◆ Work to complete
Count the lines in the data below that have "name" in them, and reply with only that number.

___ Records to process

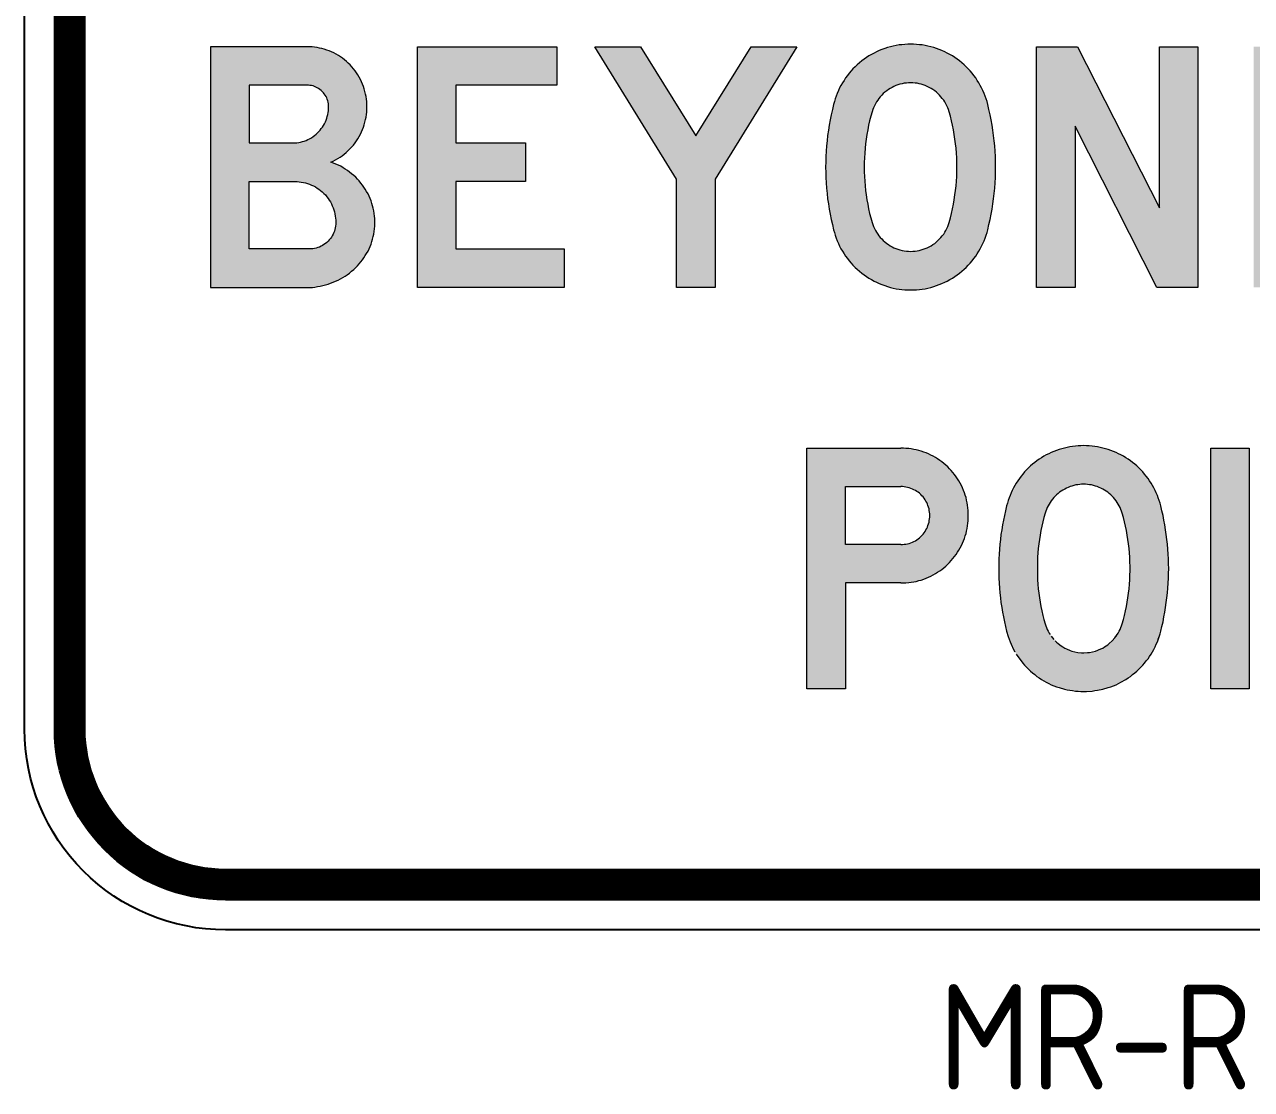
# Model space of a CAD drawing. Header units: millimetres. Extents: x 229 to 309, y 123 to 262.
# Drawn here: x 229.48 to 270.2, y 123.1 to 158.47 of the extents above; entities that cross this region are included whole.
import ezdxf

# ---------------------------------------------------------------- set-up
doc = ezdxf.new("R2010")
doc.units = ezdxf.units.MM
doc.header["$LTSCALE"] = 10
for name, color, linetype in [('DIM', 1, 'CONTINUOUS'), ('L25', 1, 'CONTINUOUS'), ('L35', 3, 'CONTINUOUS')]:
    doc.layers.add(name, color=color, linetype=linetype)
doc.styles.add('T35', font='isocp2.shx', dxfattribs={"height": 3.5})

msp = doc.modelspace()

# ---------------------------------------------------------------- hatches: boundary and pattern name
at = {"layer": 'L25'}
h = msp.add_hatch(color=256, dxfattribs=at)
h.paths.add_polyline_path([(238.453, 154.537), (238.52, 154.542), (238.582, 154.548), (238.643, 154.565), (238.705, 154.581), (238.766, 154.598), (238.828, 154.621), (238.889, 154.648), (238.945, 154.676), (239.001, 154.71), (239.057, 154.744), (239.108, 154.783), (239.158, 154.822), (239.203, 154.867), (239.248, 154.912), (239.292, 154.962), (239.331, 155.012), (239.371, 155.063), (239.404, 155.119), (239.438, 155.175), (239.466, 155.236), (239.488, 155.292), (239.511, 155.354), (239.527, 155.415), (239.544, 155.477), (239.555, 155.544), (239.567, 155.606), (239.572, 155.667), (239.572, 155.734), (239.572, 155.785), (239.567, 155.835), (239.555, 155.885), (239.544, 155.936), (239.527, 155.986), (239.511, 156.036), (239.488, 156.081), (239.46, 156.126), (239.432, 156.165), (239.399, 156.204), (239.365, 156.244), (239.326, 156.277), (239.287, 156.311), (239.242, 156.339), (239.197, 156.367), (239.152, 156.389), (239.108, 156.411), (239.057, 156.428), (239.007, 156.439), (238.956, 156.445), (238.906, 156.451), (238.856, 156.456), (236.936, 156.456), (236.936, 154.537)], flags=16)
h.paths.add_polyline_path([(239.813, 151.895), (239.813, 151.839), (239.807, 151.777), (239.796, 151.721), (239.785, 151.665), (239.768, 151.61), (239.746, 151.559), (239.723, 151.503), (239.695, 151.453), (239.667, 151.402), (239.634, 151.358), (239.594, 151.313), (239.555, 151.268), (239.516, 151.229), (239.471, 151.195), (239.421, 151.162), (239.376, 151.134), (239.326, 151.106), (239.27, 151.078), (239.214, 151.061), (239.164, 151.044), (239.108, 151.033), (239.046, 151.022), (238.99, 151.016), (238.934, 151.016), (236.936, 151.016), (236.936, 153.255), (238.453, 153.255), (238.526, 153.255), (238.598, 153.249), (238.665, 153.238), (238.738, 153.227), (238.805, 153.21), (238.873, 153.188), (238.94, 153.165), (239.007, 153.137), (239.074, 153.109), (239.136, 153.076), (239.197, 153.037), (239.253, 152.997), (239.309, 152.953), (239.365, 152.908), (239.415, 152.858), (239.466, 152.807), (239.511, 152.751), (239.555, 152.695), (239.594, 152.639), (239.634, 152.578), (239.667, 152.511), (239.695, 152.449), (239.723, 152.382), (239.746, 152.315), (239.768, 152.248), (239.785, 152.18), (239.796, 152.108), (239.807, 152.035), (239.813, 151.968)], flags=16)
h.paths.add_polyline_path([(235.654, 157.732), (235.654, 149.735), (238.856, 149.735), (238.945, 149.735), (239.035, 149.74), (239.119, 149.751), (239.208, 149.763), (239.298, 149.779), (239.387, 149.796), (239.471, 149.819), (239.555, 149.847), (239.639, 149.875), (239.723, 149.908), (239.807, 149.942), (239.886, 149.981), (239.969, 150.02), (240.042, 150.065), (240.121, 150.11), (240.193, 150.16), (240.266, 150.216), (240.333, 150.272), (240.406, 150.328), (240.468, 150.389), (240.529, 150.457), (240.591, 150.518), (240.647, 150.585), (240.697, 150.652), (240.747, 150.72), (240.792, 150.792), (240.837, 150.865), (240.882, 150.944), (240.915, 151.022), (240.949, 151.1), (240.982, 151.179), (241.01, 151.263), (241.033, 151.341), (241.055, 151.425), (241.072, 151.509), (241.089, 151.593), (241.1, 151.682), (241.106, 151.766), (241.111, 151.85), (241.111, 151.94), (241.106, 152.024), (241.1, 152.108), (241.089, 152.192), (241.072, 152.281), (241.055, 152.365), (241.033, 152.449), (241.01, 152.527), (240.982, 152.611), (240.949, 152.69), (240.915, 152.768), (240.882, 152.846), (240.837, 152.919), (240.792, 152.997), (240.747, 153.07), (240.697, 153.137), (240.647, 153.205), (240.591, 153.272), (240.529, 153.333), (240.473, 153.395), (240.406, 153.456), (240.339, 153.512), (240.272, 153.568), (240.199, 153.619), (240.126, 153.669), (240.053, 153.714), (239.975, 153.759), (239.897, 153.798), (239.818, 153.831), (239.734, 153.865), (239.65, 153.893), (239.729, 153.932), (239.807, 153.971), (239.88, 154.016), (239.953, 154.061), (240.025, 154.111), (240.093, 154.162), (240.16, 154.218), (240.221, 154.279), (240.283, 154.335), (240.344, 154.402), (240.4, 154.464), (240.451, 154.537), (240.501, 154.604), (240.546, 154.676), (240.591, 154.749), (240.63, 154.828), (240.669, 154.9), (240.703, 154.984), (240.731, 155.063), (240.759, 155.141), (240.781, 155.225), (240.803, 155.309), (240.82, 155.393), (240.831, 155.477), (240.843, 155.561), (240.848, 155.65), (240.848, 155.734), (240.848, 155.818), (240.843, 155.908), (240.831, 155.992), (240.82, 156.076), (240.803, 156.16), (240.781, 156.244), (240.759, 156.327), (240.731, 156.406), (240.703, 156.484), (240.669, 156.568), (240.63, 156.641), (240.591, 156.719), (240.546, 156.792), (240.501, 156.865), (240.451, 156.932), (240.4, 156.999), (240.344, 157.066), (240.288, 157.128), (240.227, 157.184), (240.165, 157.24), (240.104, 157.296), (240.037, 157.346), (239.964, 157.396), (239.897, 157.441), (239.824, 157.486), (239.746, 157.525), (239.673, 157.559), (239.594, 157.592), (239.516, 157.62), (239.432, 157.648), (239.354, 157.671), (239.27, 157.687), (239.192, 157.704), (239.108, 157.715), (239.024, 157.727), (238.94, 157.732), (238.856, 157.732)])
h = msp.add_hatch(color=256, dxfattribs=at)
h.paths.add_polyline_path([(295.275, 157.732), (296.556, 157.732), (296.556, 149.735), (295.275, 149.735)])
h.paths.add_polyline_path([(288.068, 157.732), (289.344, 157.732), (289.344, 154.537), (292.143, 154.537), (292.143, 157.732), (293.419, 157.732), (293.419, 149.735), (292.143, 149.735), (292.143, 153.255), (289.344, 153.255), (289.344, 149.735), (288.068, 149.735)])
h.paths.add_polyline_path([(281.885, 157.732), (281.885, 156.456), (283.726, 156.456), (283.726, 149.735), (285.002, 149.735), (285.002, 156.456), (286.843, 156.456), (286.843, 157.732)])
h.paths.add_polyline_path([(263.072, 157.732), (264.427, 157.732), (267.147, 152.376), (267.147, 157.732), (268.423, 157.732), (268.423, 149.735), (267.068, 149.735), (264.348, 155.096), (264.348, 149.735), (263.072, 149.735)])
h.paths.add_polyline_path([(248.406, 157.732), (249.923, 157.732), (251.764, 154.772), (253.6, 157.732), (255.116, 157.732), (252.402, 153.333), (252.402, 149.735), (251.12, 149.735), (251.12, 153.333)])
h.paths.add_polyline_path([(242.52, 157.732), (247.154, 157.732), (247.154, 156.456), (243.796, 156.456), (243.796, 154.537), (246.113, 154.537), (246.113, 153.255), (243.796, 153.255), (243.796, 151.016), (247.395, 151.016), (247.395, 149.735), (242.52, 149.735)])
h.paths.add_polyline_path([(301.845, 155.734), (303.042, 156.132), (303.02, 156.221), (302.986, 156.305), (302.953, 156.389), (302.919, 156.473), (302.88, 156.557), (302.835, 156.635), (302.791, 156.714), (302.74, 156.792), (302.69, 156.865), (302.634, 156.938), (302.578, 157.01), (302.516, 157.077), (302.455, 157.139), (302.388, 157.206), (302.32, 157.262), (302.248, 157.324), (302.175, 157.374), (302.102, 157.43), (302.024, 157.475), (301.945, 157.525), (301.867, 157.564), (301.783, 157.604), (301.705, 157.643), (301.615, 157.676), (301.531, 157.704), (301.447, 157.732), (301.358, 157.755), (301.268, 157.771), (301.179, 157.788), (301.089, 157.799), (301, 157.811), (300.91, 157.816), (300.82, 157.816), (300.725, 157.816), (300.63, 157.811), (300.541, 157.811), (300.446, 157.799), (300.35, 157.788), (300.255, 157.771), (300.166, 157.755), (300.071, 157.732), (299.981, 157.704), (299.891, 157.676), (299.802, 157.643), (299.718, 157.604), (299.628, 157.564), (299.544, 157.525), (299.466, 157.48), (299.382, 157.43), (299.304, 157.374), (299.225, 157.324), (299.153, 157.262), (299.08, 157.201), (299.013, 157.139), (298.946, 157.072), (298.878, 157.005), (298.817, 156.932), (298.755, 156.859), (298.699, 156.786), (298.643, 156.708), (298.593, 156.63), (298.548, 156.546), (298.503, 156.462), (298.459, 156.378), (298.42, 156.294), (298.386, 156.204), (298.358, 156.115), (298.33, 156.025), (298.302, 155.93), (298.28, 155.841), (298.263, 155.745), (298.252, 155.656), (298.24, 155.572), (298.235, 155.488), (298.235, 155.404), (298.235, 155.32), (298.24, 155.242), (298.252, 155.158), (298.263, 155.074), (298.28, 154.995), (298.296, 154.912), (298.324, 154.833), (298.352, 154.755), (298.38, 154.676), (298.414, 154.604), (298.453, 154.531), (298.492, 154.458), (298.537, 154.385), (298.582, 154.318), (298.632, 154.251), (298.688, 154.19), (298.744, 154.128), (298.8, 154.066), (298.862, 154.01), (298.923, 153.955), (298.99, 153.904), (299.058, 153.859), (299.13, 153.815), (299.203, 153.77), (299.281, 153.731), (299.36, 153.697), (299.438, 153.663), (299.516, 153.636), (299.6, 153.613), (299.684, 153.591), (299.768, 153.574), (299.947, 153.54), (300.132, 153.501), (300.311, 153.462), (300.49, 153.412), (300.809, 153.333), (301.128, 153.255), (301.19, 153.238), (301.251, 153.216), (301.313, 153.193), (301.375, 153.165), (301.431, 153.137), (301.486, 153.104), (301.542, 153.065), (301.593, 153.025), (301.643, 152.981), (301.688, 152.936), (301.733, 152.886), (301.772, 152.835), (301.811, 152.785), (301.85, 152.729), (301.878, 152.673), (301.912, 152.611), (301.934, 152.555), (301.957, 152.494), (301.979, 152.427), (301.99, 152.365), (302.001, 152.304), (302.013, 152.236), (302.018, 152.169), (302.018, 152.108), (302.013, 152.04), (302.007, 151.973), (301.996, 151.912), (301.979, 151.845), (301.962, 151.783), (301.945, 151.721), (301.917, 151.66), (301.889, 151.598), (301.861, 151.542), (301.828, 151.481), (301.789, 151.43), (301.75, 151.374), (301.71, 151.324), (301.66, 151.279), (301.615, 151.235), (301.565, 151.19), (301.514, 151.151), (301.459, 151.111), (301.403, 151.078), (301.341, 151.05), (301.285, 151.022), (301.223, 150.999), (301.162, 150.977), (301.095, 150.96), (301.033, 150.944), (300.966, 150.932), (300.893, 150.927), (300.815, 150.921), (300.742, 150.921), (300.669, 150.921), (300.591, 150.927), (300.518, 150.938), (300.446, 150.949), (300.367, 150.966), (300.294, 150.983), (300.227, 151.011), (300.154, 151.033), (300.087, 151.067), (300.02, 151.1), (299.953, 151.134), (299.886, 151.173), (299.824, 151.218), (299.768, 151.263), (299.707, 151.307), (299.651, 151.363), (299.6, 151.414), (299.55, 151.47), (299.5, 151.531), (299.455, 151.587), (299.416, 151.649), (299.377, 151.716), (299.337, 151.783), (299.304, 151.85), (299.276, 151.917), (299.253, 151.99), (299.225, 152.063), (299.209, 152.136), (298.011, 151.654), (298.045, 151.559), (298.078, 151.464), (298.117, 151.369), (298.156, 151.279), (298.201, 151.184), (298.252, 151.095), (298.302, 151.011), (298.358, 150.927), (298.414, 150.843), (298.476, 150.759), (298.537, 150.68), (298.604, 150.602), (298.671, 150.529), (298.744, 150.457), (298.817, 150.389), (298.895, 150.322), (298.974, 150.261), (299.058, 150.199), (299.136, 150.138), (299.225, 150.087), (299.309, 150.031), (299.399, 149.986), (299.488, 149.942), (299.584, 149.897), (299.673, 149.858), (299.768, 149.824), (299.869, 149.791), (299.964, 149.763), (300.059, 149.735), (300.16, 149.712), (300.261, 149.695), (300.362, 149.684), (300.462, 149.673), (300.563, 149.662), (300.664, 149.662), (300.765, 149.662), (300.865, 149.662), (300.966, 149.667), (301.067, 149.679), (301.167, 149.695), (301.268, 149.712), (301.369, 149.735), (301.459, 149.757), (301.548, 149.785), (301.638, 149.813), (301.722, 149.841), (301.811, 149.88), (301.895, 149.919), (301.979, 149.959), (302.063, 150.003), (302.141, 150.054), (302.22, 150.104), (302.292, 150.16), (302.371, 150.216), (302.444, 150.278), (302.511, 150.339), (302.578, 150.401), (302.645, 150.468), (302.707, 150.541), (302.763, 150.613), (302.818, 150.686), (302.874, 150.764), (302.925, 150.843), (302.975, 150.921), (303.02, 151.005), (303.059, 151.089), (303.098, 151.173), (303.132, 151.257), (303.165, 151.346), (303.193, 151.436), (303.216, 151.526), (303.238, 151.615), (303.261, 151.71), (303.272, 151.8), (303.283, 151.895), (303.294, 151.984), (303.294, 152.08), (303.294, 152.169), (303.294, 152.264), (303.289, 152.354), (303.277, 152.443), (303.266, 152.539), (303.249, 152.628), (303.227, 152.718), (303.205, 152.807), (303.177, 152.891), (303.149, 152.981), (303.115, 153.065), (303.076, 153.149), (303.037, 153.233), (302.992, 153.316), (302.947, 153.395), (302.897, 153.473), (302.846, 153.546), (302.791, 153.624), (302.735, 153.691), (302.673, 153.764), (302.611, 153.831), (302.544, 153.893), (302.477, 153.96), (302.41, 154.016), (302.337, 154.072), (302.264, 154.128), (302.186, 154.178), (302.108, 154.229), (302.029, 154.274), (301.945, 154.318), (301.861, 154.357), (301.778, 154.391), (301.694, 154.425), (301.604, 154.453), (301.47, 154.497), (301.33, 154.537), (301.19, 154.57), (301.05, 154.598), (300.91, 154.632), (300.77, 154.654), (300.63, 154.676), (300.49, 154.693), (300.406, 154.704), (300.322, 154.721), (300.244, 154.744), (300.16, 154.766), (300.082, 154.788), (300.003, 154.822), (299.931, 154.856), (299.886, 154.878), (299.841, 154.9), (299.802, 154.928), (299.763, 154.962), (299.729, 154.995), (299.696, 155.029), (299.662, 155.068), (299.634, 155.107), (299.612, 155.152), (299.589, 155.197), (299.567, 155.242), (299.556, 155.287), (299.539, 155.337), (299.533, 155.387), (299.528, 155.432), (299.528, 155.482), (299.528, 155.533), (299.533, 155.583), (299.539, 155.628), (299.55, 155.678), (299.567, 155.723), (299.589, 155.768), (299.606, 155.813), (299.645, 155.88), (299.684, 155.941), (299.729, 155.997), (299.774, 156.053), (299.824, 156.109), (299.875, 156.16), (299.925, 156.21), (299.987, 156.255), (300.043, 156.3), (300.104, 156.339), (300.171, 156.378), (300.233, 156.406), (300.3, 156.439), (300.367, 156.462), (300.44, 156.484), (300.513, 156.501), (300.58, 156.518), (300.653, 156.529), (300.725, 156.535), (300.793, 156.535), (300.854, 156.535), (300.921, 156.529), (300.983, 156.518), (301.05, 156.507), (301.112, 156.49), (301.173, 156.467), (301.229, 156.445), (301.291, 156.417), (301.347, 156.383), (301.403, 156.35), (301.453, 156.311), (301.503, 156.272), (301.554, 156.227), (301.598, 156.182), (301.638, 156.132), (301.677, 156.081), (301.716, 156.031), (301.75, 155.975), (301.778, 155.913), (301.806, 155.857), (301.828, 155.796)])
h.paths.add_polyline_path([(272.68, 151.016), (271.561, 151.016), (271.561, 156.456), (272.68, 156.456), (272.747, 156.451), (272.82, 156.445), (272.887, 156.439), (272.954, 156.423), (273.021, 156.411), (273.089, 156.389), (273.156, 156.367), (273.223, 156.339), (273.284, 156.311), (273.346, 156.277), (273.408, 156.244), (273.463, 156.204), (273.519, 156.16), (273.575, 156.115), (273.626, 156.07), (273.676, 156.02), (273.721, 155.964), (273.766, 155.913), (273.805, 155.852), (273.844, 155.796), (273.878, 155.734), (273.934, 155.622), (273.99, 155.51), (274.04, 155.393), (274.09, 155.275), (274.135, 155.158), (274.174, 155.04), (274.213, 154.917), (274.247, 154.794), (274.275, 154.671), (274.303, 154.548), (274.325, 154.425), (274.342, 154.302), (274.359, 154.173), (274.37, 154.05), (274.376, 153.921), (274.381, 153.798), (274.381, 153.669), (274.376, 153.546), (274.37, 153.417), (274.359, 153.294), (274.342, 153.165), (274.325, 153.042), (274.303, 152.919), (274.275, 152.796), (274.247, 152.673), (274.213, 152.55), (274.174, 152.432), (274.135, 152.309), (274.09, 152.192), (274.04, 152.074), (273.99, 151.962), (273.934, 151.845), (273.878, 151.733), (273.844, 151.671), (273.805, 151.615), (273.766, 151.559), (273.721, 151.503), (273.676, 151.453), (273.626, 151.402), (273.575, 151.352), (273.519, 151.307), (273.463, 151.268), (273.408, 151.229), (273.346, 151.19), (273.284, 151.156), (273.223, 151.128), (273.156, 151.1), (273.089, 151.078), (273.021, 151.061), (272.954, 151.044), (272.887, 151.033), (272.82, 151.022), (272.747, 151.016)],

______

◆ Answer box
3